Building the garden began as a psychological necessity; I simply could not have stayed here if I hadn’t done it. It was a survival technique – I had no intention of painting it. Instead, I struggled hopelessly for a year to paint the Kansas landscape. Eventually, I collected insects from my garden and in exasperation and frustration I painted them, using them as vehicles for my expression of the human condition: violent, wasted, earth-bound, yet unbelievably beautiful and incomprehensible. I was caught by intense observation of them and the potential narrative they offered. Meanwhile I was building a more successful garden, constantly being tom between time in the garden and time in the studio needing and wanting both equally.

I had been growing cockscomb flowers, haunting, vulgar as my mother would have said, sensuous beyond belief and totally extraordinary. I found myself involved again with the convolutions of the world inside the flowers. I was hooked. I started to paint outside in the yard.

When I paint directly from the garden I’m simply battling to hold on. Usually it’s pretty hellish out there. Its far too hot to think and it becomes exhausting, small changes take on mammoth proportions. Turpentine evaporating up my nose, flies and mosquitoes constantly hungry, and a small mean area of shade under the umbrella, demanding that I constantly change the position of the table, easel, painting, paint brushes, myself, the umbrella, the ropes and rocks.

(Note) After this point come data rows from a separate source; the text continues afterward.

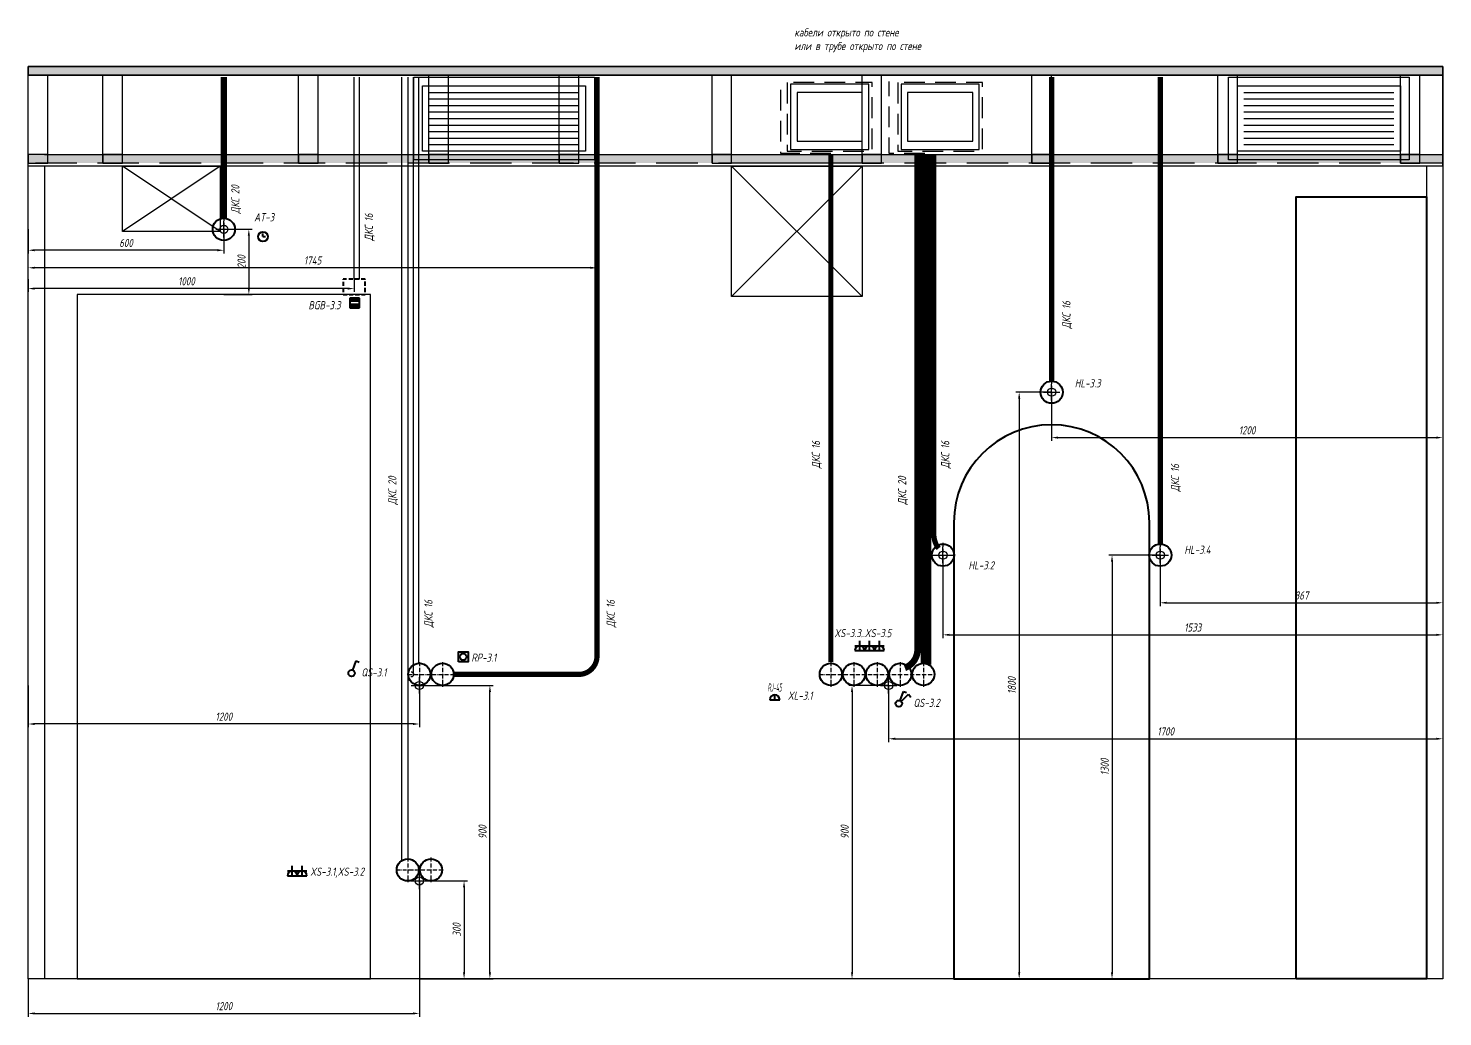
# Model space of a CAD drawing. Header units: millimetres. Extents: x -36498 to 56557, y -58468 to 154.
# Drawn here: x 3986 to 8326, y -31455 to -28422 of the extents above; entities that cross this region are included whole.
import ezdxf
from ezdxf.enums import TextEntityAlignment as Align

# ---------------------------------------------------------------- set-up
doc = ezdxf.new("R2010")
doc.units = ezdxf.units.MM
doc.header["$PDMODE"] = 34
doc.header["$PDSIZE"] = 25
doc.linetypes.add('ACAD_ISO10W100', pattern=[18.5, 12, -3, 0.5, -3])
doc.linetypes.add('DASHED', pattern=[19.05, 12.7, -6.35])
for name, color, linetype in [('01 Черновое', 7, 'Continuous'), ('02 ОВиК', 7, 'Continuous'), ('02 Розетки', 7, 'Continuous'), ('03 Потолок', 7, 'Continuous'), ('04 Лючки', 7, 'Continuous'), ('04 Мебель', 5, 'Continuous'), ('04 Освещение', 7, 'Continuous'), ('05 Слаботочка', 7, 'Continuous'), ('06 Авт-ка климата', 7, 'Continuous'), ('08 Пож. и техн. сигн.', 7, 'Continuous'), ('10 Перегородки', 7, 'Continuous'), ('11 Привязка размеры', 7, 'Continuous')]:
    doc.layers.add(name, color=color, linetype=linetype)
doc.styles.get("Standard").update_dxf_attribs({"font": 'Ubuntu-R.ttf'})
doc.styles.add('ГОСТ-ISOCPEUR', font='isocpeui.ttf', dxfattribs={"width": 0.8})
doc.dimstyles.new('ISO-25', dxfattribs={"dimtxt": 2.5, "dimasz": 2.5, "dimexe": 1.25, "dimexo": 0.625, "dimtad": 1, "dimtxsty": 'Standard', "dimcen": 2.5, "dimadec": 0, "dimazin": 0, "dimtfac": 1, "dimtmove": 0, "dimatfit": 3, "dimfxl": 1, "dimarcsym": 0})

# ---------------------------------------------------------------- blocks, each defined once
blk = doc.blocks.new('АП 500х200')
at = {"color": 0, "lineweight": -2}
for p, q in [((-507, 207), (-47, 207)), ((-507, 187), (-47, 187)), ((-507, 167), (-47, 167)), ((-507, 147), (-47, 147)), ((-507, 127), (-47, 127)), ((-507, 107), (-47, 107)), ((-507, 87), (-47, 87)), ((-507, 67), (-47, 67)), ((-507, 47), (-47, 47))]:
    blk.add_line(p, q, dxfattribs=at)
for points in [[(-554, 0), (-554, 254), (0, 254), (0, 0)], [(-527, 27), (-527, 227), (-27, 227), (-27, 27)]]:
    blk.add_lwpolyline(points, close=True, dxfattribs=at)
blk = doc.blocks.new('*D76')
at = {"layer": '11 Привязка размеры', "color": 0, "lineweight": -2, "transparency": 16777216}
for p, q in [((5185.7, -31038.4), (5185.7, -31455)), ((3985.7, -31338.4), (3985.7, -31455)), ((4005.7, -31445), (5165.7, -31445))]:
    blk.add_line(p, q, dxfattribs=at)
at = {"layer": '11 Привязка размеры', "color": 0, "transparency": 16777216}
for points in [[(4005.7, -31441.6), (4005.7, -31448.3), (3985.7, -31445)], [(5165.7, -31448.3), (5165.7, -31441.6), (5185.7, -31445)]]:
    blk.add_solid(points, dxfattribs=at)
at = {"layer": 'Defpoints', "color": 0, "transparency": 16777216}
for p in [(5185.7, -31038.4), (3985.7, -31338.4), (5185.7, -31445)]:
    blk.add_point(p, dxfattribs=at)
at = {"layer": '11 Привязка размеры', "color": 0, "transparency": 16777216, "insert": (4585.7, -31422.5), "char_height": 25, "attachment_point": 5, "style": 'ГОСТ-ISOCPEUR'}
blk.add_mtext('1200', dxfattribs=at)
blk = doc.blocks.new('*D77')
at = {"layer": '11 Привязка размеры', "color": 0, "lineweight": -2, "transparency": 16777216}
for p, q in [((5185.7, -31038.4), (5332.9, -31038.4)), ((5322.9, -31058.4), (5322.9, -31318.4)), ((5185.7, -31338.4), (5332.9, -31338.4))]:
    blk.add_line(p, q, dxfattribs=at)
at = {"layer": '11 Привязка размеры', "color": 0, "transparency": 16777216}
for points in [[(5326.2, -31058.4), (5319.5, -31058.4), (5322.9, -31038.4)], [(5319.5, -31318.4), (5326.2, -31318.4), (5322.9, -31338.4)]]:
    blk.add_solid(points, dxfattribs=at)
at = {"layer": 'Defpoints', "color": 0, "transparency": 16777216}
for p in [(5185.7, -31038.4), (5185.7, -31338.4), (5322.9, -31338.4)]:
    blk.add_point(p, dxfattribs=at)
at = {"layer": '11 Привязка размеры', "color": 0, "transparency": 16777216, "insert": (5300.4, -31188.4), "char_height": 25, "attachment_point": 5, "rotation": 90, "style": 'ГОСТ-ISOCPEUR'}
blk.add_mtext('300', dxfattribs=at)
blk = doc.blocks.new('*D78')
at = {"layer": '11 Привязка размеры', "color": 0, "lineweight": -2, "transparency": 16777216}
for p, q in [((5185.7, -30438.4), (5412.1, -30438.4)), ((5402.1, -31318.4), (5402.1, -30458.4)), ((5185.7, -31338.4), (5412.1, -31338.4))]:
    blk.add_line(p, q, dxfattribs=at)
at = {"layer": '11 Привязка размеры', "color": 0, "transparency": 16777216}
for points in [[(5405.5, -30458.4), (5398.8, -30458.4), (5402.1, -30438.4)], [(5398.8, -31318.4), (5405.5, -31318.4), (5402.1, -31338.4)]]:
    blk.add_solid(points, dxfattribs=at)
at = {"layer": 'Defpoints', "color": 0, "transparency": 16777216}
for p in [(5185.7, -30438.4), (5402.1, -30438.4), (5185.7, -31338.4)]:
    blk.add_point(p, dxfattribs=at)
at = {"layer": '11 Привязка размеры', "color": 0, "transparency": 16777216, "insert": (5379.6, -30888.4), "char_height": 25, "attachment_point": 5, "rotation": 90, "style": 'ГОСТ-ISOCPEUR'}
blk.add_mtext('900', dxfattribs=at)
blk = doc.blocks.new('*D79')
at = {"layer": '11 Привязка размеры', "color": 0, "lineweight": -2, "transparency": 16777216}
for p, q in [((6625.7, -30438.4), (6625.7, -30612)), ((8325.7, -30438.4), (8325.7, -30612)), ((6645.7, -30602), (8305.7, -30602))]:
    blk.add_line(p, q, dxfattribs=at)
at = {"layer": '11 Привязка размеры', "color": 0, "transparency": 16777216}
for points in [[(6645.7, -30598.6), (6645.7, -30605.3), (6625.7, -30602)], [(8305.7, -30605.3), (8305.7, -30598.6), (8325.7, -30602)]]:
    blk.add_solid(points, dxfattribs=at)
at = {"layer": 'Defpoints', "color": 0, "transparency": 16777216}
for p in [(6625.7, -30438.4), (8325.7, -30438.4), (8325.7, -30602)]:
    blk.add_point(p, dxfattribs=at)
at = {"layer": '11 Привязка размеры', "color": 0, "transparency": 16777216, "insert": (7475.7, -30579.5), "char_height": 25, "attachment_point": 5, "style": 'ГОСТ-ISOCPEUR'}
blk.add_mtext('1700', dxfattribs=at)
blk = doc.blocks.new('*D80')
at = {"layer": '11 Привязка размеры', "color": 0, "lineweight": -2, "transparency": 16777216}
for p, q in [((6625.7, -30438.4), (6503.3, -30438.4)), ((6513.3, -30458.4), (6513.3, -31318.4)), ((6625.7, -31338.4), (6503.3, -31338.4))]:
    blk.add_line(p, q, dxfattribs=at)
at = {"layer": '11 Привязка размеры', "color": 0, "transparency": 16777216}
for points in [[(6516.6, -30458.4), (6510, -30458.4), (6513.3, -30438.4)], [(6510, -31318.4), (6516.6, -31318.4), (6513.3, -31338.4)]]:
    blk.add_solid(points, dxfattribs=at)
at = {"layer": 'Defpoints', "color": 0, "transparency": 16777216}
for p in [(6625.7, -30438.4), (6513.3, -31338.4), (6625.7, -31338.4)]:
    blk.add_point(p, dxfattribs=at)
at = {"layer": '11 Привязка размеры', "color": 0, "transparency": 16777216, "insert": (6490.8, -30888.4), "char_height": 25, "attachment_point": 5, "rotation": 90, "style": 'ГОСТ-ISOCPEUR'}
blk.add_mtext('900', dxfattribs=at)
blk = doc.blocks.new('*D81')
at = {"layer": '11 Привязка размеры', "color": 0, "lineweight": -2, "transparency": 16777216}
for p, q in [((7459.1, -30038.4), (7459.1, -30194.7)), ((8325.7, -30038.4), (8325.7, -30194.7)), ((7479.1, -30184.7), (8305.7, -30184.7))]:
    blk.add_line(p, q, dxfattribs=at)
at = {"layer": '11 Привязка размеры', "color": 0, "transparency": 16777216}
for points in [[(7479.1, -30181.4), (7479.1, -30188), (7459.1, -30184.7)], [(8305.7, -30188), (8305.7, -30181.4), (8325.7, -30184.7)]]:
    blk.add_solid(points, dxfattribs=at)
at = {"layer": 'Defpoints', "color": 0, "transparency": 16777216}
for p in [(7459.1, -30038.4), (8325.7, -30038.4), (8325.7, -30184.7)]:
    blk.add_point(p, dxfattribs=at)
at = {"layer": '11 Привязка размеры', "color": 0, "transparency": 16777216, "insert": (7892.4, -30162.2), "char_height": 25, "attachment_point": 5, "style": 'ГОСТ-ISOCPEUR'}
blk.add_mtext('867', dxfattribs=at)
blk = doc.blocks.new('*D82')
at = {"layer": '11 Привязка размеры', "color": 0, "lineweight": -2, "transparency": 16777216}
for p, q in [((7125.7, -29538.4), (7125.7, -29687.7)), ((8325.7, -29538.4), (8325.7, -29687.7)), ((7145.7, -29677.7), (8305.7, -29677.7))]:
    blk.add_line(p, q, dxfattribs=at)
at = {"layer": '11 Привязка размеры', "color": 0, "transparency": 16777216}
for points in [[(7145.7, -29674.4), (7145.7, -29681), (7125.7, -29677.7)], [(8305.7, -29681), (8305.7, -29674.4), (8325.7, -29677.7)]]:
    blk.add_solid(points, dxfattribs=at)
at = {"layer": 'Defpoints', "color": 0, "transparency": 16777216}
for p in [(7125.7, -29538.4), (8325.7, -29538.4), (8325.7, -29677.7)]:
    blk.add_point(p, dxfattribs=at)
at = {"layer": '11 Привязка размеры', "color": 0, "transparency": 16777216, "insert": (7725.7, -29655.2), "char_height": 25, "attachment_point": 5, "style": 'ГОСТ-ISOCPEUR'}
blk.add_mtext('1200', dxfattribs=at)
blk = doc.blocks.new('*D83')
at = {"layer": '11 Привязка размеры', "color": 0, "lineweight": -2, "transparency": 16777216}
for p, q in [((6792.3, -30038.4), (6792.3, -30293)), ((8325.7, -30038.4), (8325.7, -30293)), ((6812.3, -30283), (8305.7, -30283))]:
    blk.add_line(p, q, dxfattribs=at)
at = {"layer": '11 Привязка размеры', "color": 0, "transparency": 16777216}
for points in [[(6812.3, -30279.7), (6812.3, -30286.3), (6792.3, -30283)], [(8305.7, -30286.3), (8305.7, -30279.7), (8325.7, -30283)]]:
    blk.add_solid(points, dxfattribs=at)
at = {"layer": 'Defpoints', "color": 0, "transparency": 16777216}
for p in [(6792.3, -30038.4), (8325.7, -30038.4), (8325.7, -30283)]:
    blk.add_point(p, dxfattribs=at)
at = {"layer": '11 Привязка размеры', "color": 0, "transparency": 16777216, "insert": (7559, -30260.5), "char_height": 25, "attachment_point": 5, "style": 'ГОСТ-ISOCPEUR'}
blk.add_mtext('1533', dxfattribs=at)
blk = doc.blocks.new('*D84')
at = {"layer": '11 Привязка размеры', "color": 0, "lineweight": -2, "transparency": 16777216}
for p, q in [((7459.1, -30038.4), (7301.1, -30038.4)), ((7311.1, -30058.4), (7311.1, -31318.4)), ((7459.1, -31338.4), (7301.1, -31338.4))]:
    blk.add_line(p, q, dxfattribs=at)
at = {"layer": '11 Привязка размеры', "color": 0, "transparency": 16777216}
for points in [[(7314.4, -30058.4), (7307.7, -30058.4), (7311.1, -30038.4)], [(7307.7, -31318.4), (7314.4, -31318.4), (7311.1, -31338.4)]]:
    blk.add_solid(points, dxfattribs=at)
at = {"layer": 'Defpoints', "color": 0, "transparency": 16777216}
for p in [(7459.1, -30038.4), (7311.1, -31338.4), (7459.1, -31338.4)]:
    blk.add_point(p, dxfattribs=at)
at = {"layer": '11 Привязка размеры', "color": 0, "transparency": 16777216, "insert": (7288.6, -30688.4), "char_height": 25, "attachment_point": 5, "rotation": 90, "style": 'ГОСТ-ISOCPEUR'}
blk.add_mtext('1300', dxfattribs=at)
blk = doc.blocks.new('*D85')
at = {"layer": '11 Привязка размеры', "color": 0, "lineweight": -2, "transparency": 16777216}
for p, q in [((7125.7, -29538.4), (7016.2, -29538.4)), ((7026.2, -29558.4), (7026.2, -31318.4)), ((7125.7, -31338.4), (7016.2, -31338.4))]:
    blk.add_line(p, q, dxfattribs=at)
at = {"layer": '11 Привязка размеры', "color": 0, "transparency": 16777216}
for points in [[(7029.6, -29558.4), (7022.9, -29558.4), (7026.2, -29538.4)], [(7022.9, -31318.4), (7029.6, -31318.4), (7026.2, -31338.4)]]:
    blk.add_solid(points, dxfattribs=at)
at = {"layer": 'Defpoints', "color": 0, "transparency": 16777216}
for p in [(7125.7, -29538.4), (7026.2, -31338.4), (7125.7, -31338.4)]:
    blk.add_point(p, dxfattribs=at)
at = {"layer": '11 Привязка размеры', "color": 0, "transparency": 16777216, "insert": (7003.7, -30438.4), "char_height": 25, "attachment_point": 5, "rotation": 90, "style": 'ГОСТ-ISOCPEUR'}
blk.add_mtext('1800', dxfattribs=at)
blk = doc.blocks.new('*D86')
at = {"layer": '11 Привязка размеры', "color": 0, "lineweight": -2, "transparency": 16777216}
for p, q in [((3985.7, -29459.9), (3985.7, -29146.6)), ((5710.7, -29156.6), (4005.7, -29156.6)), ((5730.7, -29459.9), (5730.7, -29146.6))]:
    blk.add_line(p, q, dxfattribs=at)
at = {"layer": '11 Привязка размеры', "color": 0, "transparency": 16777216}
for points in [[(4005.7, -29153.3), (4005.7, -29159.9), (3985.7, -29156.6)], [(5710.7, -29159.9), (5710.7, -29153.3), (5730.7, -29156.6)]]:
    blk.add_solid(points, dxfattribs=at)
at = {"layer": 'Defpoints', "color": 0, "transparency": 16777216}
for p in [(3985.7, -29156.6), (3985.7, -29459.9), (5730.7, -29459.9)]:
    blk.add_point(p, dxfattribs=at)
at = {"layer": '11 Привязка размеры', "color": 0, "transparency": 16777216, "insert": (4858.2, -29134.1), "char_height": 25, "attachment_point": 5, "style": 'ГОСТ-ISOCPEUR'}
blk.add_mtext('1745', dxfattribs=at)
blk = doc.blocks.new('геркон')
at = {"lineweight": -2}
for points in [[(3, 2), (3, 3), (0, 3), (0, 2)], [(3, 0), (3, 1), (0, 1), (0, 0)]]:
    blk.add_hatch(color=0, dxfattribs=at).paths.add_polyline_path(points)
at = {"color": 0, "lineweight": -2}
for p, q in [((0, 0), (0, 3)), ((0, 3), (3, 3)), ((0, 2), (3, 2)), ((0, 1), (3, 1)), ((3, 0), (0, 0)), ((3, 3), (3, 0))]:
    blk.add_line(p, q, dxfattribs=at)
blk = doc.blocks.new('*D94')
at = {"layer": '11 Привязка размеры', "color": 0, "lineweight": -2, "transparency": 16777216}
for p, q in [((3985.7, -29191.4), (3985.7, -29230.4)), ((4985.7, -29191.4), (4985.7, -29230.4)), ((4965.7, -29220.4), (4005.7, -29220.4))]:
    blk.add_line(p, q, dxfattribs=at)
at = {"layer": '11 Привязка размеры', "color": 0, "transparency": 16777216}
for points in [[(4005.7, -29217), (4005.7, -29223.7), (3985.7, -29220.4)], [(4965.7, -29223.7), (4965.7, -29217), (4985.7, -29220.4)]]:
    blk.add_solid(points, dxfattribs=at)
at = {"layer": 'Defpoints', "color": 0, "transparency": 16777216}
for p in [(3985.7, -29191.4), (4985.7, -29191.4), (3985.7, -29220.4)]:
    blk.add_point(p, dxfattribs=at)
at = {"layer": '11 Привязка размеры', "color": 0, "transparency": 16777216, "insert": (4471.1, -29197.9), "char_height": 25, "attachment_point": 5, "style": 'ГОСТ-ISOCPEUR'}
blk.add_mtext('1000', dxfattribs=at)
blk = doc.blocks.new('часы')
at = {"color": 0, "lineweight": -2}
for q in [(9893.5, 982.52), (9894.25, 981.52)]:
    blk.add_line((9893.5, 981.52), q, dxfattribs=at)
blk.add_circle((9893.5, 981.52), 1.5, dxfattribs=at)
blk = doc.blocks.new('кнопка 1')
at = {"color": 0, "lineweight": -2}
for p, q in [((0.35, 0.94), (1.39, 3.78)), ((1.39, 3.78), (2.34, 3.45))]:
    blk.add_line(p, q, dxfattribs=at)
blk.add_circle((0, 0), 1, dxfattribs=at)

Fighting with a Kansas wind that is always grabbing at the umbrella and when successful takes everything with it landing crushingly in the middle of the flower garden, creating havoc.

But it’s so damned beautiful, incomprehensible, so complicated that I can hardly get close to expressing the sensations I feel and see. I am moved by the cumulative experience of seeing the garden pass from its slow struggle with winter, the rush of the lush beginnings, to’ its frenzied full blossoming and its growing fragility and poignant decline. Everything happens too fast to grasp and to be able to hold. That’s why I stand there, just trying to see and to get a glimpse of understanding, to hold a fragment of it, before it changes, passes and is lost. Trying to find that place I know I had as a child of truly seeing, being totally absorbed, left alone and experiencing an un-nameable extended time: an epiphany, being taken in, absorbed, held inside it, a place of exhilaration, transcending. That is when the earthen carpet flies.